# Zip Dateien mit PHP erstellen - Archive lassen sich mit WinZip nicht öffnen



## diggity (30. Juni 2007)

Hallo leute,

Ich hoffe ihr könnt mir da weiter helfen, ich bin nämlich am Ende. 
Ich erstelle mit PHP ZIP dateien, die mehere Dateien beinhalten.

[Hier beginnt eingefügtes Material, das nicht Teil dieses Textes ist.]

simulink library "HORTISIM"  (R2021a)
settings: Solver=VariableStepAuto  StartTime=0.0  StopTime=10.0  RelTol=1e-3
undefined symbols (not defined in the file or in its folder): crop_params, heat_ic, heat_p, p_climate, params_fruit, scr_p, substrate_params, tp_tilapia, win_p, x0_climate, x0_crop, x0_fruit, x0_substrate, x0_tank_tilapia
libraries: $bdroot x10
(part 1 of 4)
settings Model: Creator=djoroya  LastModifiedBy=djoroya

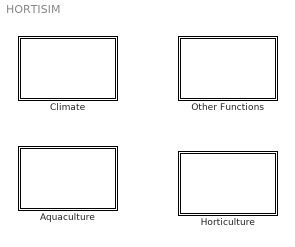
== system HORTISIM ==
  Aquaculture : Subsystem
  Climate : Subsystem
  Horticulture : Subsystem
  Other Functions : Subsystem

== system HORTISIM/Aquaculture ==
  Controls : Subsystem
  Models : Subsystem

== system HORTISIM/Climate ==
  Controls : Subsystem
  Models : Subsystem

== system HORTISIM/Horticulture ==
  Controls : Subsystem
  Models : Subsystem

== system HORTISIM/Other Functions ==
  Scalar2Bus Control Crop : Subsystem
  Scalar2Bus Control Climate : Subsystem
  Screen Connector : Subsystem
  Sec2Days : Gain  Gain=24*3600
  Temp2SatDensity : Subsystem
  Windows Connector : Subsystem
  Zero Element Screen : Subsystem
  Zero Element Windows : Subsystem
  cumfun : Subsystem
  parseExteriorClima : Subsystem
  sigmoi : Subsystem  mask{sigma=0}

== system HORTISIM/Aquaculture/Controls ==

== system HORTISIM/Aquaculture/Models ==
  Filter Species : Subsystem
      mask Display: image('$imagefile'); % Use "Edit Image" on toolstrip to change.
  Tank Model : Subsystem  mask{x0=x0_tank_tilapia, params=tp_tilapia}
      settings: PortSchema="{\"entries\":[{\"content\":{\"sides\":[{\"content\":{\"connectorIds\":[\"In1\",\"In2\"]},\"type\":\"ConnectorPlacement.EquallySpacedRectSide\",\"uuid\":\"0362ec3b-d1e8-482f-a4df-c7eb6405d3bb\"},{\"content\":{\"connectorIds\":[\"Out1\"],\"side\":\"RIGHT\"},\"type\":\"ConnectorPlacement.EquallySpacedRectSide\",\"uuid\":\"883d7bea-5680-4a36-94aa-1bdc656ec6e4\"},{\"content\":{\"connectorIds\":[\"In3\"],\"side\":\"TOP\"},\"type\":\"ConnectorPlacement.EquallySpacedRectSide\",\"uuid\":\"cb609290-e3df-4833-81b0-31186814fdae\"},{\"content\":{\"connectorIds\":[\"In4\",\"In5\"],\"side\":\"BOTTOM\"},\"type\":\"ConnectorPlacement.EquallySpacedRectSide\",\"uuid\":\"90a50527-453f-4e54-bcbc-22902a66f901\"}]},\"type\":\"ConnectorPlacement.EquallySpacedConnector\",\"uuid\":\"8e8832ba-26f8-49e0-87fc-105394dbe278\"}],\"packageUris\":[\"http://schema.mathworks.com/mf0/Connector/R2020b\"],\"version\":\"1.0\"}"
      mask Display: image('$imagefile'); % Use "Edit Image" on toolstrip to change.

== system HORTISIM/Climate/Controls ==
  CO2 Pump : Subsystem
      mask Display: image('$imagefile'); % Use "Edit Image" on toolstrip to change.
  Fogging Controler : Subsystem
      mask Display: image('$imagefile'); % Use "Edit Image" on toolstrip to change.
  Heating Controler : Subsystem  mask{params=heat_p, x0=heat_ic}
      mask Display: image('$imagefile'); % Use "Edit Image" on toolstrip to change.
  Screen Controler : Subsystem  mask{params=scr_p}
      mask Display: image('$imagefile'); % Use "Edit Image" on toolstrip to change.
  Windows Controler : Subsystem  mask{params=win_p}
      mask Display: image('$imagefile'); % Use "Edit Image" on toolstrip to change.

== system HORTISIM/Climate/Models ==
  Climate Model : Subsystem  mask{params=p_climate, x0=x0_climate}
      mask Display: image('$imagefile'); % Use "Edit Image" on toolstrip to change.

== system HORTISIM/Horticulture/Controls ==
  Ferrtirrigation Controler : Subsystem
      mask Display: image('$imagefile'); % Use "Edit Image" on toolstrip to change.
  Prune Policy : Subsystem
      mask Display: image('$imagefile'); % Use "Edit Image" on toolstrip to change.

== system HORTISIM/Horticulture/Models ==
  Crop Grow : Subsystem  mask{params=crop_params, x0=x0_crop}
      settings: PortSchema="{\"entries\":[{\"content\":{\"sides\":[{\"content\":{\"connectorIds\":[\"In1\"]},\"type\":\"ConnectorPlacement.EquallySpacedRectSide\",\"uuid\":\"7d52d4c6-bc72-40ae-ba7a-fef791f60555\"},{\"content\":{\"connectorIds\":[\"Out1\"],\"side\":\"RIGHT\"},\"type\":\"ConnectorPlacement.EquallySpacedRectSide\",\"uuid\":\"3a9c2840-361d-4677-a7cc-c5f954b33f07\"},{\"content\":{\"connectorIds\":[\"In2\",\"In3\"],\"side\":\"TOP\"},\"type\":\"ConnectorPlacement.EquallySpacedRectSide\",\"uuid\":\"4fc8b0ee-86a8-4f1e-9fcc-25f95949aa32\"},{\"content\":{\"connectorIds\":[],\"side\":\"BOTTOM\"},\"type\":\"ConnectorPlacement.EquallySpacedRectSide\",\"uuid\":\"254dc665-acaf-49d5-9184-a028de083de6\"}]},\"type\":\"ConnectorPlacement.EquallySpacedConnector\",\"uuid\":\"4a2a8912-594b-41a4-9c04-2b6ae0329b55\"}],\"packageUris\":[\"http://schema.mathworks.com/mf0/Connector/R2020b\"],\"version\":\"1.0\"}"
      mask Display: image('$imagefile'); % Use "Edit Image" on toolstrip to change.
  Fruit Partitioning1 : Subsystem  mask{x0=x0_fruit, params=params_fruit}
      mask Display: image('$imagefile'); % Use "Edit Image" on toolstrip to change.
  Substrate Bag : Subsystem  mask{x0=x0_substrate, params=substrate_params}
      mask Display: image('$imagefile'); % Use "Edit Image" on toolstrip to change.

== system HORTISIM/Other Functions/Scalar2Bus Control Crop ==
  Prune : Inport
  Harvest : Inport  Port=2
  Artificial Rad : Inport  Port=3
  Bus Creator : BusCreator  Inputs=3
  out : Outport
  wires:
  Prune/1 -> Bus Creator/1  "Prune"
  Harvest/1 -> Bus Creator/2  "Harvest"
  Artificial Rad/1 -> Bus Creator/3  "Artificial Rad"
  Bus Creator/1 -> out/1

== system HORTISIM/Other Functions/Scalar2Bus Control Climate ==
  Windows : Inport
  Screen : Inport  Port=2
  Fog : Inport  Port=3
  CO2 : Inport  Port=4
  Bus Creator : BusCreator  Inputs=4
  CoCl : Outport
  wires:
  Screen/1 -> Bus Creator/2  "Screen"
  Bus Creator/1 -> CoCl/1
  Windows/1 -> Bus Creator/1  "Windows"
  CO2/1 -> Bus Creator/4  "CO2"
  Fog/1 -> Bus Creator/3  "Fog"

== system HORTISIM/Other Functions/Screen Connector ==
  value : Inport
  gamma : Inport  Port=2
  beta : Inport  Port=3
  Bus Creator1 : BusCreator  Inputs=3
  out : Outport
  wires:
  beta/1 -> Bus Creator1/3  "beta"
  Bus Creator1/1 -> out/1
  value/1 -> Bus Creator1/1  "value"
  gamma/1 -> Bus Creator1/2  "gamma_max"

== system HORTISIM/Other Functions/Temp2SatDensity ==
  temp : Inport
  Constant1 : Constant  Value=4030
  Constant2 : Constant  Value=11.56
  Constant3 : Constant  Value=1.2978
  Divide : Product  Inputs=*/
  Exp : Math  SaturateOnIntegerOverflow=on
  Gain : Gain  Gain=-0.0046
  Minus : Sum  Inputs=+-
  Minus1 : Sum  Inputs=+-
  Product : Product
  Sum : Sum  Inputs=|++
  Zero ºC in Kelvin : Constant  Value=273.15
  sat rho : Outport
  wires:
  Zero ºC in Kelvin/1 -> Minus1/2
  Constant1/1 -> Divide/1
  temp/1 -> Minus1/1, Divide/2
  Divide/1 -> Minus/2
  Constant2/1 -> Minus/1
  Minus/1 -> Exp/1
  Minus1/1 -> Gain/1
  Gain/1 -> Sum/1
  Constant3/1 -> Sum/2
  Product/1 -> sat rho/1
  Exp/1 -> Product/1
  Sum/1 -> Product/2

== system HORTISIM/Other Functions/Windows Connector ==
  value : Inport
  AR : Inport  Port=2
  Bus Creator1 : BusCreator  Inputs=2
  out : Outport
  wires:
  Bus Creator1/1 -> out/1
  value/1 -> Bus Creator1/1  "value"
  AR/1 -> Bus Creator1/2  "AR"

== system HORTISIM/Other Functions/Zero Element Screen ==
  Bus Creator : BusCreator  Inputs=3
  Constant : Constant  Value=0
  Constant1 : Constant  Value=0
  beta : Constant  Value=0
  out : Outport
  wires:
  Bus Creator/1 -> out/1
  Constant/1 -> Bus Creator/1  "value"
  Constant1/1 -> Bus Creator/2  "gamma_max"
  beta/1 -> Bus Creator/3  "beta"

== system HORTISIM/Other Functions/Zero Element Windows ==
  Bus Creator : BusCreator  Inputs=2
  Constant : Constant  Value=0
  Constant1 : Constant  Value=0
  out : Outport
  wires:
  Bus Creator/1 -> out/1
  Constant/1 -> Bus Creator/1  "value"
  Constant1/1 -> Bus Creator/2  "AR"

== system HORTISIM/Other Functions/cumfun ==
  In1 : Inport
  If : If
  If Action Subsystem : Subsystem  TreatAsAtomicUnit=on
  Merge : Merge
  Subsystem : Subsystem
  Out1 : Outport
  wires:
  Subsystem/1(Out1) -> Merge/1
  In1/1 -> Subsystem/1(In1), If/1
  If/1 -> Subsystem/Action
  If/2 -> If Action Subsystem/Action
  If Action Subsystem/1(Out1) -> Merge/2
  Merge/1 -> Out1/1

== system HORTISIM/Other Functions/parseExteriorClima ==
  Array : Inport
  Bus Creator : BusCreator  Inputs=4
  Demux : Demux
  Bus : Outport
  wires:
  Bus Creator/1 -> Bus/1
  Demux/4 -> Bus Creator/4  "Wind"
  Array/1 -> Demux/1
  Demux/3 -> Bus Creator/3  "HR"
  Demux/1 -> Bus Creator/1  "Temp"
  Demux/2 -> Bus Creator/2  "Rad"

== system HORTISIM/Other Functions/sigmoi ==
  x : Inport
  Constant : Constant  Value=0.5
  Gain : Gain  Gain=sigma
  Gain1 : Gain  Gain=0.5
  Sum : Sum  Inputs=|++
  Tanh : Trigonometry  Operator=tanh
  y : Outport
  wires:
  x/1 -> Gain/1
  Gain/1 -> Tanh/1
  Tanh/1 -> Gain1/1
  Gain1/1 -> Sum/1
  Sum/1 -> y/1
  Constant/1 -> Sum/2

== system HORTISIM/Aquaculture/Models/Filter Species ==
  "Water " : Inport
  Bus Creator : BusCreator  Inputs=2
  Constant : Constant  Value=zeros(8,1)  VectorParams1D=off
  Constant1 : Constant
  State : Outport
  wires:
  Constant/1 -> Bus Creator/2  "R"
  Constant1/1 -> Bus Creator/1  "m"
  Bus Creator/1 -> State/1

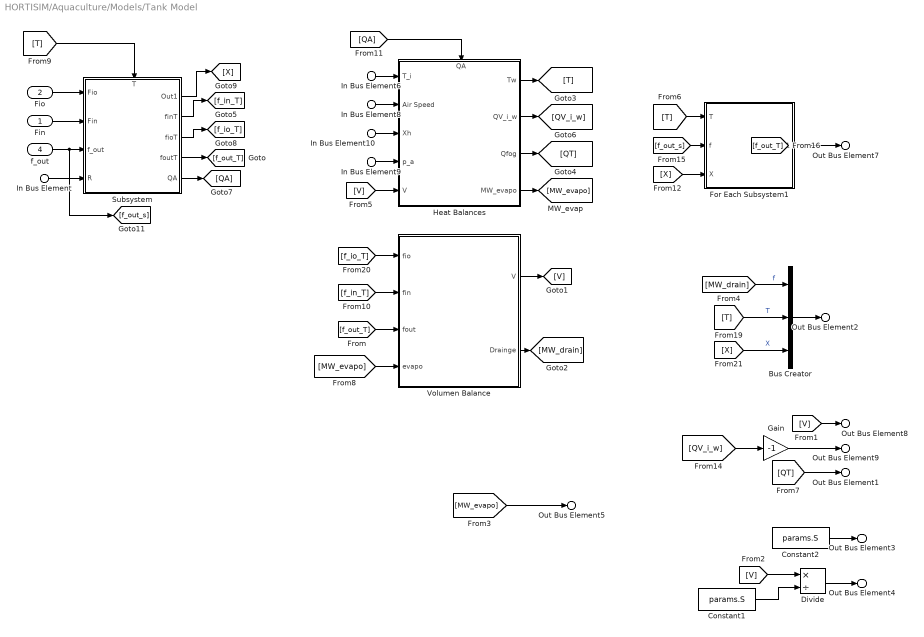
== system HORTISIM/Aquaculture/Models/Tank Model ==
  Fin : Inport
  Fio : Inport  Port=2
  In Bus Element6 : Inport  Port=3  PortName=Climate  Element=Temp.Tair
  In Bus Element8 : Inport  Port=3  PortName=Climate  Element=Gas.air_speed
  In Bus Element10 : Inport  Port=3  PortName=Climate  Element=Gas.Xh
  In Bus Element9 : Inport  Port=3  PortName=Climate  Element=Gas.p_a
  f_out : Inport  Port=4
  In Bus Element : Inport  Port=5  PortName=R  Element=R
  Bus Creator : BusCreator  Inputs=3  OutDataTypeStr=Bus: FLOW  NonVirtualBus=on
  Constant1 : Constant  Value=params.S
  Constant2 : Constant  Value=params.S
  Divide : Product  Inputs=*/
  For Each Subsystem1 : Subsystem  TreatAsAtomicUnit=on
  Gain : Gain  Gain=-1
  Heat Balances : Subsystem
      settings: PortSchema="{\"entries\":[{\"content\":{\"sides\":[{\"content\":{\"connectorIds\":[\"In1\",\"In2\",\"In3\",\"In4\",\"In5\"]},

Dazu habe ich mehere Klassen getestet und verwende nun diese, die am besten meinen Anforderungen entspricht. 

Nun tritt aber folgendes Phänomen auf: Mit WinRAR lassen sich die generierten Archive problemlos öffnen, mit WinZip zB hingegen bekomme ich eine Meldung, die in etwa "anfang des zentralverzeischnisses nicht gefunden zip datei beschädigt" lautet.

An der Klasse die ich zum Erstellen benutze liegts nicht, ich habs auch shcon mit anderen Klassen versucht, immer das Selbe. 

An was kann es dann liegen? die zlib Version kanns auch nicht sein, habs mit der neuesten Version versucht und mit einer älteren. 

2. Phänomen: Bei dieser Zipfunktion rufe ich über den Browser ein Script auf, das mir die Dateien dann in ein entsprechendes Archiv packt bzw packen soll und mir diese anschließend schickt (die Datei wird an den Client gesendet sodass dieser sie speichern kann). 
Im Firefox packt er mir die Dateien richtig in die zip, im IE hingegen landet in der zip Datei nur 1 Datei, die gleich heißt wie die zu downloadende zip Datei selbst, allerdings ohne Endung... total komisch. 
Wie kann das mit dem Browser zusammenhängen was er IM Script (also serverseitig) in die Datei packt?! 
Offline funktioniert dieser Zipvorgang allerdings auch mit dem IE (ich habe eine lokale Entwicklungsumgebung und einen Produktivserver), deshalb vermute ich dass am Server irgendwas falsch eingestellt ist.
Nur was kann das sein?

Die generierten Datein des lokalen Servers lassen sich allerdings auch nicht mit Winzip öffnen... was läuft hier falsch?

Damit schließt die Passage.